Learning Image Representations: Transfer Learning and Latent Variable Models

05 Mar
Tuesday, 03/05/2013 11:00am to 12:00pm

Ariadna Quattoni
Technical University of Catalonia (UPC)

Computer Science Building, Room 151

Faculty Host: Erik Learned-Miller

One of the main goals of high-level computer vision is to generate semantic descriptions of visual content. At a technical level this involves designing learning algorithms that can map from complex image spaces to semantic categories. To achieve this goal we must have the ability to induce good image representations from available data; i.e., representations that facilitate the semantic categorization of visual content. In this talk I will introduce two approaches to learn such representations. The first approach is based on transfer learning and exploits the fact that some visual categories might share an underlying "semantic" representation. To implement this idea I will present a learning framework based on joint sparse regularization. With this framework we can efficiently induce shared representations from large collections of labeled images.

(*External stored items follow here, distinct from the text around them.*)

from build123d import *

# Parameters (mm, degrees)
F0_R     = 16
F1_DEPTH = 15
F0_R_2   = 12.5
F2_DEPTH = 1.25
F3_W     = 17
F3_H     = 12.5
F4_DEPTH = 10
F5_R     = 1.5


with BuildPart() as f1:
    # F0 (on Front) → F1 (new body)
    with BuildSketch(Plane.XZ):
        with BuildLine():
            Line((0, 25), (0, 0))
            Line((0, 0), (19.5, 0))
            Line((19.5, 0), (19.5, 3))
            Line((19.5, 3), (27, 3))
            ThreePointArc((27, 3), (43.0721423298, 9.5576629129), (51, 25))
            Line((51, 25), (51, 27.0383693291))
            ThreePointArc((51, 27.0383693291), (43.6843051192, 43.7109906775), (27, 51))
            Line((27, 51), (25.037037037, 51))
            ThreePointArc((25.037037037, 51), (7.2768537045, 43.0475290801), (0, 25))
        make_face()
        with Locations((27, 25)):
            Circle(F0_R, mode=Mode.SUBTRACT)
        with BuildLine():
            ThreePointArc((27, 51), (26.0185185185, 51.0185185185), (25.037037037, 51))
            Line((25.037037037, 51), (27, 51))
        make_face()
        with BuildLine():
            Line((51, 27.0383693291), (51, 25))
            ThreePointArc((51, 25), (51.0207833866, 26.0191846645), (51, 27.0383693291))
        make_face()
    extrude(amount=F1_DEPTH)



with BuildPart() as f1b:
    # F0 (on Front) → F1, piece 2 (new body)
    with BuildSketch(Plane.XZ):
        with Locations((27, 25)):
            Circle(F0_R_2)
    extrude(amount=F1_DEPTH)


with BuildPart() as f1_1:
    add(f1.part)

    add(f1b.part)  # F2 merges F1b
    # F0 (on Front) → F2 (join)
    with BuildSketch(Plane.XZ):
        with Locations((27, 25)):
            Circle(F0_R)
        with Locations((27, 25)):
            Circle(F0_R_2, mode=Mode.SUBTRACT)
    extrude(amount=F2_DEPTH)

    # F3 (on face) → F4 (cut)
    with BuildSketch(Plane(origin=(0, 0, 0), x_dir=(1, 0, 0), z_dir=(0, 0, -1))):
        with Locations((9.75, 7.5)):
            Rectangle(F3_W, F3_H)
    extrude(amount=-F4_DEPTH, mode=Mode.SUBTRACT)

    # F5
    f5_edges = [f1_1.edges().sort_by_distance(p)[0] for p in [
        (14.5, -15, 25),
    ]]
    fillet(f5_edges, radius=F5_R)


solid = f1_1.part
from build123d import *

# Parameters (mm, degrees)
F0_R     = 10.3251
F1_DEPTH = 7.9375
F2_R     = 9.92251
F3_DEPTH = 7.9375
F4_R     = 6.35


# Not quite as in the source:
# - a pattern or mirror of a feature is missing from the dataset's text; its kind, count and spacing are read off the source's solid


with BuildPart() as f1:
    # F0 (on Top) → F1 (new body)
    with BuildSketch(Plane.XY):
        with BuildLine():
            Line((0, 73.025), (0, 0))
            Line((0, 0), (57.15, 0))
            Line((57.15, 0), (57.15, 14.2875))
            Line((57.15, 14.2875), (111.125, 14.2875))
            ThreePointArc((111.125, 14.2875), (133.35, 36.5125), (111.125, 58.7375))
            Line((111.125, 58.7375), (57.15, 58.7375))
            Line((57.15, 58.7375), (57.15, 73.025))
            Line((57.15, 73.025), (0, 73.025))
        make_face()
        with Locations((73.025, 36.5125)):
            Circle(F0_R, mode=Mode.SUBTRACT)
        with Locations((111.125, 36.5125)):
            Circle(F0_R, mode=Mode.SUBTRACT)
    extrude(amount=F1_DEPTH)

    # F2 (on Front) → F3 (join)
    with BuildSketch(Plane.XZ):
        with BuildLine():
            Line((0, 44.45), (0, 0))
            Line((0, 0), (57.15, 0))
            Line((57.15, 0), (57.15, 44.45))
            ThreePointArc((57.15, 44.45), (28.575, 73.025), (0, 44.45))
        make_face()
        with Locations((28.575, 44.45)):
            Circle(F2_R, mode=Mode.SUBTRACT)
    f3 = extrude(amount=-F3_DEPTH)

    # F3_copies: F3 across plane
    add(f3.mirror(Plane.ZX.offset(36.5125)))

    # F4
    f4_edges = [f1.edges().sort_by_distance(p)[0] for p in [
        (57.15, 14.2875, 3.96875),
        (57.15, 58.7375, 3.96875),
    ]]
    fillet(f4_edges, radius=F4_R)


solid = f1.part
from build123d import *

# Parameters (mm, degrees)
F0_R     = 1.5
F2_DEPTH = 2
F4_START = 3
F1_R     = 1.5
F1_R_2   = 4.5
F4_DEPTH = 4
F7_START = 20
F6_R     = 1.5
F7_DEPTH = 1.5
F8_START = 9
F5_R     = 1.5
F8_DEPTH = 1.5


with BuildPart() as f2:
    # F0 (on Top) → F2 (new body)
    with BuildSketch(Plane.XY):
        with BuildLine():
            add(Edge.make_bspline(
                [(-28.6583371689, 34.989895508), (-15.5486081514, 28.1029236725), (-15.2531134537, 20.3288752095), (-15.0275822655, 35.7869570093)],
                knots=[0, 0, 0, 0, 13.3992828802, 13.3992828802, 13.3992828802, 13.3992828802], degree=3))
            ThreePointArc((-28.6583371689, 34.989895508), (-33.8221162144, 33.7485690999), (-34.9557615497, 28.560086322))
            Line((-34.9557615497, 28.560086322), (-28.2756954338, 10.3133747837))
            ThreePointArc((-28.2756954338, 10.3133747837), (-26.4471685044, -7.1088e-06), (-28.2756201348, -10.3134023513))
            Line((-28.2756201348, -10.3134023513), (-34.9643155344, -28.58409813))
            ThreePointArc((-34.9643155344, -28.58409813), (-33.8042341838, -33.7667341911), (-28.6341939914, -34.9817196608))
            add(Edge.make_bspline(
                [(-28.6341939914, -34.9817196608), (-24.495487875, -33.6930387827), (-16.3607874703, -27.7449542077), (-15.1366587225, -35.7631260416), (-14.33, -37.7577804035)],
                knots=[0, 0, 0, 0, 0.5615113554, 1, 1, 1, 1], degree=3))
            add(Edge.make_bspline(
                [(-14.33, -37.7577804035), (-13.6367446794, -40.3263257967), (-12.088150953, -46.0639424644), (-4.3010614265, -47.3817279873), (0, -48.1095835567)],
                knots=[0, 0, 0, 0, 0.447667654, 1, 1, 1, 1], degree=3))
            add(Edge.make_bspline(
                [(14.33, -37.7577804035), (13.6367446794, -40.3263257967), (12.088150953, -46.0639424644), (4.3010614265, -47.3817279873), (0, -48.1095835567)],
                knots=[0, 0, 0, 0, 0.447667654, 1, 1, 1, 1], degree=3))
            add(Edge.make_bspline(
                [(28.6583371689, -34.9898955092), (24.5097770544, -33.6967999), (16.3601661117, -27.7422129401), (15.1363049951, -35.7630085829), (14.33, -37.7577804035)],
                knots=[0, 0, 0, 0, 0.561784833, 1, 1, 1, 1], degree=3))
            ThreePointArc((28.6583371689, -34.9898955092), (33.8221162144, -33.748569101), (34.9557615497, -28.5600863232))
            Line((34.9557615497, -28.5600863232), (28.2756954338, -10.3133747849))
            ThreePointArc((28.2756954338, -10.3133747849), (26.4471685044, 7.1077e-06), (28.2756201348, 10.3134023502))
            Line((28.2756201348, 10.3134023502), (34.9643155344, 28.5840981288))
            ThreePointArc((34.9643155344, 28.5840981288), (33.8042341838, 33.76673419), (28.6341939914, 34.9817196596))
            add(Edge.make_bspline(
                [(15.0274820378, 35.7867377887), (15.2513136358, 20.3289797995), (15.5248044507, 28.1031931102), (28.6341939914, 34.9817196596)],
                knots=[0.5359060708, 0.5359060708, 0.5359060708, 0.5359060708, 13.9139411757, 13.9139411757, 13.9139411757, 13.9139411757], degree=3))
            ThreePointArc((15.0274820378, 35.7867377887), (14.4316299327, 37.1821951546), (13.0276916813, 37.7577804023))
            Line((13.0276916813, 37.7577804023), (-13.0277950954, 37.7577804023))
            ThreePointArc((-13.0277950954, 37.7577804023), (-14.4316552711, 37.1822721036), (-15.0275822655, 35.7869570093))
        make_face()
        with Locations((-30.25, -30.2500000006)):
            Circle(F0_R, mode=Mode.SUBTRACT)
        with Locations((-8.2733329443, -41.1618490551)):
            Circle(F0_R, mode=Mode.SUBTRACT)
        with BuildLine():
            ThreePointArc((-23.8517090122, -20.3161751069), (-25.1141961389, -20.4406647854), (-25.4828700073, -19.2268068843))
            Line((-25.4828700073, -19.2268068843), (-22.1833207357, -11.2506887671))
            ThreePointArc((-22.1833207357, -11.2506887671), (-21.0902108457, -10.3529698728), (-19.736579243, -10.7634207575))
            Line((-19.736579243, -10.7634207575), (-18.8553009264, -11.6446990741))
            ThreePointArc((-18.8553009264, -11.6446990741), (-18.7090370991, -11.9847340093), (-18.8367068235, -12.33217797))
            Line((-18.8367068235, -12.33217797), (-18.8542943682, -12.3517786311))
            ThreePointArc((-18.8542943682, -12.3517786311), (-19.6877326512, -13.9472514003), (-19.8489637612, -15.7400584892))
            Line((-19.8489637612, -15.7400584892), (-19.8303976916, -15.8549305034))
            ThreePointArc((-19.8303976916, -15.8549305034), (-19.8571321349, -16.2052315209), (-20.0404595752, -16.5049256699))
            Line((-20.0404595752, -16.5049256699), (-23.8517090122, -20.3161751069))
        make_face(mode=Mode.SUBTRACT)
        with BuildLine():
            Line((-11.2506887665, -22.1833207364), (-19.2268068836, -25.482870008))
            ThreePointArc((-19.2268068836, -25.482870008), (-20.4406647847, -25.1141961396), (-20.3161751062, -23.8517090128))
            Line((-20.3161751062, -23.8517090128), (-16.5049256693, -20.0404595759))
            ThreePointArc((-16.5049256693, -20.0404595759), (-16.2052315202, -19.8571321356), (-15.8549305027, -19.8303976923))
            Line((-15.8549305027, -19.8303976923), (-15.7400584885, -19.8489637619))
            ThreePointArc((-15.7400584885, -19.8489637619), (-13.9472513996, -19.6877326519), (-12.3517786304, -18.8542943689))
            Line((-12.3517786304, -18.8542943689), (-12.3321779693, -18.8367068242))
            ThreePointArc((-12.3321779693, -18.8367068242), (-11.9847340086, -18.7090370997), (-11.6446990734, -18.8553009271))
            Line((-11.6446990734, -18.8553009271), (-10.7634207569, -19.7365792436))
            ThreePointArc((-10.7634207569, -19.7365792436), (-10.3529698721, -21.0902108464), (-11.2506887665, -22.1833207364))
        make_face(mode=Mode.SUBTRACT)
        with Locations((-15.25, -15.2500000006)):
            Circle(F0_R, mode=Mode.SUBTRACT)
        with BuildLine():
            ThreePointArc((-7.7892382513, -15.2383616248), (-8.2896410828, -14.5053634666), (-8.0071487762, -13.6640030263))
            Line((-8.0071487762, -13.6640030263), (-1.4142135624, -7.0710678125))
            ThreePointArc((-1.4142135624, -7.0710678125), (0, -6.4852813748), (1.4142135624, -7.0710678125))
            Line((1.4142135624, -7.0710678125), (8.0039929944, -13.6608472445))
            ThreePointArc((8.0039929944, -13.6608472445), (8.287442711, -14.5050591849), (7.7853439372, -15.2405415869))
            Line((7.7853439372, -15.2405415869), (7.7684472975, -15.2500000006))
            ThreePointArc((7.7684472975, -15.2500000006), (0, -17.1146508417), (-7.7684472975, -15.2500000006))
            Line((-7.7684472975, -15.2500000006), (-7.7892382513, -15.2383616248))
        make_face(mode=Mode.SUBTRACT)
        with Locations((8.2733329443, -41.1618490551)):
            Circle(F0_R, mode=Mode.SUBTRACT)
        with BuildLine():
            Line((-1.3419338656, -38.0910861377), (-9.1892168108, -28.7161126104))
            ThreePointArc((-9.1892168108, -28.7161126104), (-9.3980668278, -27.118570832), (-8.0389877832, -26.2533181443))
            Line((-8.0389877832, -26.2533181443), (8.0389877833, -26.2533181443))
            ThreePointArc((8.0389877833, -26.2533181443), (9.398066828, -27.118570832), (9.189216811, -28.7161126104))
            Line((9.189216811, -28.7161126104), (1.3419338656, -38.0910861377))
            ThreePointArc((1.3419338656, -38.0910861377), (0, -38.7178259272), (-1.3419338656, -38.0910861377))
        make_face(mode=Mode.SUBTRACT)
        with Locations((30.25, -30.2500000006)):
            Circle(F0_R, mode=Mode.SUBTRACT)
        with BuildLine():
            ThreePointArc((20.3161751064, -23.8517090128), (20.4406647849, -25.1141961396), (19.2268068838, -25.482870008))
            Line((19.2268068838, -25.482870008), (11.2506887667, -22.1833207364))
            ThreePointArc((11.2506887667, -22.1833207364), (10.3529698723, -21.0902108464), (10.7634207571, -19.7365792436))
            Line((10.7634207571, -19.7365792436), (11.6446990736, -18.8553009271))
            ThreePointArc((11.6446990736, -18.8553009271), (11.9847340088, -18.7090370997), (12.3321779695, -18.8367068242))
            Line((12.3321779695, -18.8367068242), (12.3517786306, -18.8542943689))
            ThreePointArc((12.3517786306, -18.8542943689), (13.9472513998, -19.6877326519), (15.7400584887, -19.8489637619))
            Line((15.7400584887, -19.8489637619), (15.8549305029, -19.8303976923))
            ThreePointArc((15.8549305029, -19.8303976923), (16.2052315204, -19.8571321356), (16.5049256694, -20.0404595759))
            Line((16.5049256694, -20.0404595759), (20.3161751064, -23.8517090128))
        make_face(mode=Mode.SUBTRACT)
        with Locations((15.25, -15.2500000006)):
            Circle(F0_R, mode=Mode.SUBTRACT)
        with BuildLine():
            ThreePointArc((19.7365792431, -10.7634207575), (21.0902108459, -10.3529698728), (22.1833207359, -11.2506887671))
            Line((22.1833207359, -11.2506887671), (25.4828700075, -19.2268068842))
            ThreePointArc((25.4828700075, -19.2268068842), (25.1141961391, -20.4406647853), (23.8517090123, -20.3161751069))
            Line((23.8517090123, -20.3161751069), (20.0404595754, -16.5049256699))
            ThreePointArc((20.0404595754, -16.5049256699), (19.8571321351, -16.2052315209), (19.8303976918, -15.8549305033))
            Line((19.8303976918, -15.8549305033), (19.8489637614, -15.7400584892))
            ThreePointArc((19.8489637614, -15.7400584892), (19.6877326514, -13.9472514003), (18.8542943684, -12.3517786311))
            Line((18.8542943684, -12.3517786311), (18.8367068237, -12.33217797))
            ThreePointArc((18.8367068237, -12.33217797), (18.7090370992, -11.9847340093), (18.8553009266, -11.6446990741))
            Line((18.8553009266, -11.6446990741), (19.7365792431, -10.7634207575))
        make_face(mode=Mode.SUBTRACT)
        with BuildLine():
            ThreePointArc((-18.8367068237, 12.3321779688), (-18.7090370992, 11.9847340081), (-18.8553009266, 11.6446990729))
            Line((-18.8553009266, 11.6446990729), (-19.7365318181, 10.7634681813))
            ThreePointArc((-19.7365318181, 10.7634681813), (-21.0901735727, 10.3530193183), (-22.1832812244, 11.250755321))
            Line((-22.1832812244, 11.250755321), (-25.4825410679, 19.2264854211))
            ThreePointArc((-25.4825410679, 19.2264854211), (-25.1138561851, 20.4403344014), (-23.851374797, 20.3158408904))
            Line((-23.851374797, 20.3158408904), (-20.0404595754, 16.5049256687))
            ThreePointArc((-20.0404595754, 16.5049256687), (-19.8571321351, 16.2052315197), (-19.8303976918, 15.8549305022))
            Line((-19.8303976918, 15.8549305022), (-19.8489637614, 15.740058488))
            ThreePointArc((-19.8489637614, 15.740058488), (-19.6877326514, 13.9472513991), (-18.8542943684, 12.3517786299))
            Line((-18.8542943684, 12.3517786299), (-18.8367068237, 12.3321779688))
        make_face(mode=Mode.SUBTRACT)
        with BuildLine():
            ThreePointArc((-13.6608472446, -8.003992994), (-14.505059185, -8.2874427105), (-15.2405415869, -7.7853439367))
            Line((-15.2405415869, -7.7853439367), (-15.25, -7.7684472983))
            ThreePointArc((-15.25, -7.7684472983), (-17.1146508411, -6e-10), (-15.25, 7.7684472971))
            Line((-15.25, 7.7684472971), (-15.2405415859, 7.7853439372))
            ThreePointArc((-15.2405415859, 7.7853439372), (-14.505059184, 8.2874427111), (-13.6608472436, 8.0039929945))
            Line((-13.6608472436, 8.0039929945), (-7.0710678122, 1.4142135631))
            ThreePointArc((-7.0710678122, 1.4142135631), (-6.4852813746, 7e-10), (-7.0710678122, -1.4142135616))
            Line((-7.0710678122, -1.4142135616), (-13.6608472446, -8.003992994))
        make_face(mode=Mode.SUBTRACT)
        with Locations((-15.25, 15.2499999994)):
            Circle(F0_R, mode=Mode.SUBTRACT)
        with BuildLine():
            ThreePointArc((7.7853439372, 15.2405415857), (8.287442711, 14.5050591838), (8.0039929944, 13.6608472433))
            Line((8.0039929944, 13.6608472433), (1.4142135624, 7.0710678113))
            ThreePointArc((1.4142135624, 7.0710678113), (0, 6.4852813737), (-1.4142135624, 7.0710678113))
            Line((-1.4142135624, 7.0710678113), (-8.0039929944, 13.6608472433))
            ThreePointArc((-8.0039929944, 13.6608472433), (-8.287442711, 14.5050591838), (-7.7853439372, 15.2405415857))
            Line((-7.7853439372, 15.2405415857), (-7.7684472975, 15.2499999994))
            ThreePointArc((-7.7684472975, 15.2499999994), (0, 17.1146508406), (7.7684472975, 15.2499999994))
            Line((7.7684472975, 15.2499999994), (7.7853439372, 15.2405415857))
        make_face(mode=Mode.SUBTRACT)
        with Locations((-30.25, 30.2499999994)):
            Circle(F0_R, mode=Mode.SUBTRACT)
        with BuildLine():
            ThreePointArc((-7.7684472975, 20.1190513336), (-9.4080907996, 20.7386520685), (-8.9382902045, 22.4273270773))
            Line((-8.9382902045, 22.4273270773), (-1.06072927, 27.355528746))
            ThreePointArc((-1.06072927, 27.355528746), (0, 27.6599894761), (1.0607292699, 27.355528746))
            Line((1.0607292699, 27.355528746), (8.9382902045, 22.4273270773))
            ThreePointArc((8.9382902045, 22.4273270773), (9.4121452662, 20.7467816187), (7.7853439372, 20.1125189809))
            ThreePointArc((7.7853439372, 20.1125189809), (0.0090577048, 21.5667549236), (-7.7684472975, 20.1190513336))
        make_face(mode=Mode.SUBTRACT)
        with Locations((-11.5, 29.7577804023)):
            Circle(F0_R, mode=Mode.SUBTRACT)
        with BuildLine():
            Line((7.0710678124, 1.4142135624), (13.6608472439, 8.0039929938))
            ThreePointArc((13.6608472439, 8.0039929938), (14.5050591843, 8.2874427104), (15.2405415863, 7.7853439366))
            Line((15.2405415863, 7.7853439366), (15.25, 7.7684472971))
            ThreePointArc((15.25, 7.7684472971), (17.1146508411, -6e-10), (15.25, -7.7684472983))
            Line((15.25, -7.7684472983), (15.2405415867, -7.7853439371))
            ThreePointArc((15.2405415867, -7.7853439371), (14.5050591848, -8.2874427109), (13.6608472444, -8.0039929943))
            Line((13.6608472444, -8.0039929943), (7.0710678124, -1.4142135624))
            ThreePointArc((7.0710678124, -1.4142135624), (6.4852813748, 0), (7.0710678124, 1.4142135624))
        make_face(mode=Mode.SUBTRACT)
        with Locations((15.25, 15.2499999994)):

In the second part of the talk I will show how we can exploit latent-variable models to learn better mappings between visual content and semantic categories. In particular, I will present structured latent-variable models that can capture underlying spatial and temporal dependencies in visual content. I will describe simple and efficient algorithms to learn these models which can easily scale to large datasets. Finally, I will outline future research directions towards the goal of mining large collections of multi-modal corpora. I will highlight the role that new efficient methods for large-scale learning of structured latent-variable models can play in achieving this goal.

A reception will be held at 3:40 in the atrium, outside the presentation room.